One of the coolest things about programming is how many open source projects there are. Find one that you like and take it apart to see how it works. Search for text from the UI in the code and see if you can change it. Throw log messages all over the place to make the code show you what it’s doing. See if you can find some constants in there you can mess with. And don’t feel left out if you want to make games, those can be open source too.

Once you’ve found a project you like and have some idea how it works, see if you can change how it works. Let’s say you found a simple todo list app. Can you add due dates to your list items? Or subtasks? Could it play a sound and/or an animation to congratulate you when you check something off? Could you add a new feature like recurring tasks or email reminders? If you don’t have an open source app handy, just take a tutorial and mess with that.

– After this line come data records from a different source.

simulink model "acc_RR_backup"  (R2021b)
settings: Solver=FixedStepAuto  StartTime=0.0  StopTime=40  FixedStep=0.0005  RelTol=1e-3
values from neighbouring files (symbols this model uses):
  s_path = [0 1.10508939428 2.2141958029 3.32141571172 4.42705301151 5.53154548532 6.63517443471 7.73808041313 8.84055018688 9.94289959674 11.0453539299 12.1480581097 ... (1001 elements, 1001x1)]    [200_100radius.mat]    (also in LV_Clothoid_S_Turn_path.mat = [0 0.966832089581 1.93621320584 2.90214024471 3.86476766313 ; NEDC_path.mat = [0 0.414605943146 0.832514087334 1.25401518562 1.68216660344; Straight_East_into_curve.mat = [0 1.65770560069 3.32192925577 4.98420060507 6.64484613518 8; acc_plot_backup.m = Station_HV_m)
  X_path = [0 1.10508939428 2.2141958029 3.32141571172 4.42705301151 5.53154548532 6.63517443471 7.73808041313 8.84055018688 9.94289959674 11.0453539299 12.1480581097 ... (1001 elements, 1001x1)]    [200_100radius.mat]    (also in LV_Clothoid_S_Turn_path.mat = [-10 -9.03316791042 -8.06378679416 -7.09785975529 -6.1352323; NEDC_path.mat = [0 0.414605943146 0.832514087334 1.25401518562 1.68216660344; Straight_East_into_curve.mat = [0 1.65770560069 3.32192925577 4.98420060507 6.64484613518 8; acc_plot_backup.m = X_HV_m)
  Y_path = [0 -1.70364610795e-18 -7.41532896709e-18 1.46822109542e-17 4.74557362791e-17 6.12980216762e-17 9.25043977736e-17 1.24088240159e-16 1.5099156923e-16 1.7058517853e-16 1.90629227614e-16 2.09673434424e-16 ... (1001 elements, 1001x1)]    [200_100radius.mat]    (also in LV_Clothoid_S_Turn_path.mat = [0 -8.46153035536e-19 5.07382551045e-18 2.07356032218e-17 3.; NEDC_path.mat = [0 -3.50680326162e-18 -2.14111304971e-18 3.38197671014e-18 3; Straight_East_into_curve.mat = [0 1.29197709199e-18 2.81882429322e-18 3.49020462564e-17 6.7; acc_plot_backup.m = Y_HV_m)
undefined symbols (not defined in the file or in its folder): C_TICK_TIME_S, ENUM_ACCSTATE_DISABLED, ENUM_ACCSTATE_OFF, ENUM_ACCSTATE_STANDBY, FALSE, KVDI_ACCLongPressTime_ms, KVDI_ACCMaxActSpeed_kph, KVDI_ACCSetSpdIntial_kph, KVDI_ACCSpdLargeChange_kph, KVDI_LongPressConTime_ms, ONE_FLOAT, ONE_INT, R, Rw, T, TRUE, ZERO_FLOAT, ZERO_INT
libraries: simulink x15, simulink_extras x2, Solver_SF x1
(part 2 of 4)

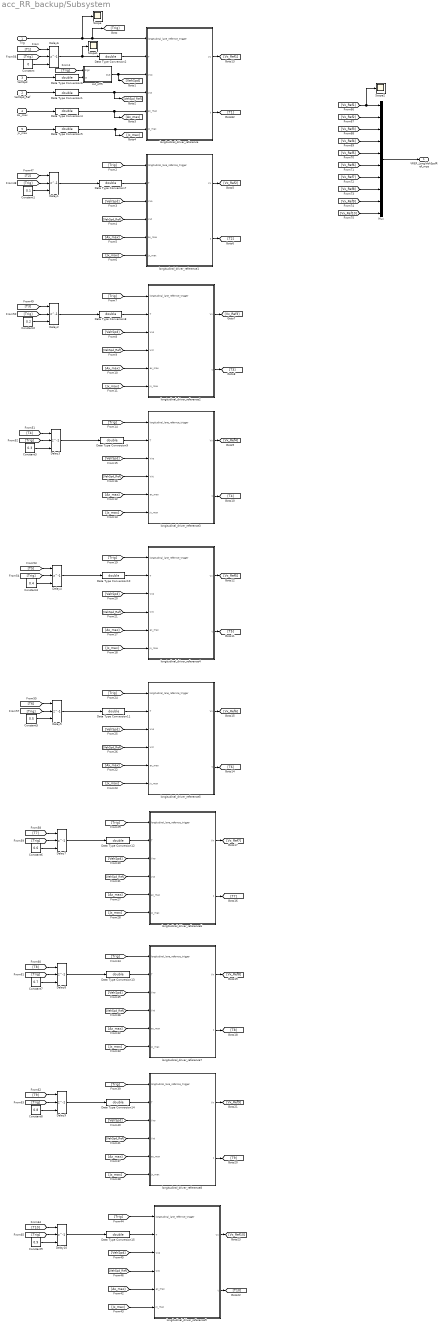
== system acc_RR_backup/Subsystem ==
  "Trig " : Inport
  VehSpd_Ref : Inport  Port=2
  VehSpd : Inport  Port=3
  Ax_max : Inport  Port=4
  Jx_max : Inport  Port=5
  Constant : Constant  Value=0
  Constant1 : Constant  Value=0.1
  Constant2 : Constant  Value=0.2
  Constant3 : Constant  Value=0.3
  Constant4 : Constant  Value=0.4
  Constant5 : Constant  Value=0.5
  Constant6 : Constant  Value=0.6
  Constant7 : Constant  Value=0.7
  Constant8 : Constant  Value=0.8
  Constant9 : Constant  Value=0.9
  Data Type Conversion{1..2,4..15} (14 alike) : DataTypeConversion  OutDataTypeStr=double
  Delay{1..10} (10 alike) : Delay  DelayLength=1  InitialConditionSource=Input port  ExternalReset=Rising
      settings: InputPortMap=u0,r5,p4
  Mux : Mux  Inputs=10
  Scope : Scope
  Scope1 : Scope
  Scope2 : Scope
  cut_off5 : Subsystem
  longitudinal_driver_reference : MATLAB Function  TreatAsAtomicUnit=on
  longitudinal_driver_reference1 : MATLAB Function  TreatAsAtomicUnit=on
  longitudinal_driver_reference2 : MATLAB Function  TreatAsAtomicUnit=on
  longitudinal_driver_reference3 : MATLAB Function  TreatAsAtomicUnit=on
  longitudinal_driver_reference4 : MATLAB Function  TreatAsAtomicUnit=on
  longitudinal_driver_reference5 : MATLAB Function  TreatAsAtomicUnit=on
  longitudinal_driver_reference6 : MATLAB Function  TreatAsAtomicUnit=on
  longitudinal_driver_reference7 : MATLAB Function  TreatAsAtomicUnit=on
  longitudinal_driver_reference8 : MATLAB Function  TreatAsAtomicUnit=on
  longitudinal_driver_reference9 : MATLAB Function  TreatAsAtomicUnit=on
  "VREF_LongiVehSpdRef_mps " : Outport
  wires:
  longitudinal_driver_reference/1(Vx) -> [Vx_Ref1]
  Mux/1 -> "VREF_LongiVehSpdRef_mps "/1
  Constant/1 -> Delay6/3
  [T1] -> Delay6/1
  Ax_max/1 -> Data Type Conversion4/1
  Jx_max/1 -> Data Type Conversion5/1
  VehSpd_Ref/1 -> Data Type Conversion1/1
  longitudinal_driver_reference/2(t) -> [T1]
  Delay6/1 -> Scope1/1, Data Type Conversion2/1
  [Trig] -> Delay6/2
  "Trig "/1 -> Scope/1, [Trig], longitudinal_driver_reference/1(longitudinal_lane_refernce_trigger)
  Data Type Conversion2/1 -> longitudinal_driver_reference/2(T)
  VehSpd/1 -> Data Type Conversion6/1
  Data Type Conversion1/1 -> [VehSpd_Ref], longitudinal_driver_reference/4(Vxt)
  cut_off5/1(Out) -> [VehSpd], longitudinal_driver_reference/3(Vxo)
  Data Type Conversion6/1 -> cut_off5/2(in)
  [Trig] -> cut_off5/1(sign)
  Data Type Conversion5/1 -> [Jx_max], longitudinal_driver_reference/6(jx_max)
  Data Type Conversion4/1 -> [Ax_max], longitudinal_driver_reference/5(ax_max)
  [Trig] -> longitudinal_driver_reference1/1(longitudinal_lane_refernce_trigger)
  [VehSpd] -> longitudinal_driver_reference1/3(Vxo)
  [VehSpd_Ref] -> longitudinal_driver_reference1/4(Vxt)
  [Ax_max] -> longitudinal_driver_reference1/5(ax_max)
  [Jx_max] -> longitudinal_driver_reference1/6(jx_max)
  [Jx_max] -> longitudinal_driver_reference2/6(jx_max)
  [Ax_max] -> longitudinal_driver_reference2/5(ax_max)
  [VehSpd_Ref] -> longitudinal_driver_reference2/4(Vxt)
  [VehSpd] -> longitudinal_driver_reference2/3(Vxo)
  [Trig] -> longitudinal_driver_reference2/1(longitudinal_lane_refernce_trigger)
  [Trig] -> longitudinal_driver_reference3/1(longitudinal_lane_refernce_trigger)
  [VehSpd] -> longitudinal_driver_reference3/3(Vxo)
  [VehSpd_Ref] -> longitudinal_driver_reference3/4(Vxt)
  [Ax_max] -> longitudinal_driver_reference3/5(ax_max)
  [Jx_max] -> longitudinal_driver_reference3/6(jx_max)
  [Jx_max] -> longitudinal_driver_reference4/6(jx_max)
  [Ax_max] -> longitudinal_driver_reference4/5(ax_max)
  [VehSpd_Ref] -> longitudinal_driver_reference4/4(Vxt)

Speaking of tutorials, if you do enough of them you’re going to start seeing similarities. Most apps have some sort of UI, some sort of data model, maybe a way to save that data for the next time you open the app (that’s pretty advanced, though, don’t worry about it right away), some logic about what users are allowed to do (like due dates can’t be in the past or players can’t have more than x hitpoints no matter how many health packs they use), maybe some communication with other APIs (but again, that’s advanced, don’t worry about it right away), and honestly, that’s pretty much it.

You can try mashing up different tutorials or open source projects too. Let’s say you have a tutorial for a driving game and one for a game where you run around and collect coins or stars or whatever. What if you could drive around and collect stars? What if you had tutorials for a todo list app and a weather app and mashed them up to make a little morning dashboard for yourself?

Don’t forget, you don’t have to do it all yourself. There are great communities like CodeNewbie, /r/learnprogramming, CodeRanch, (and lots more if you do a little Googling) full of people who will help you out.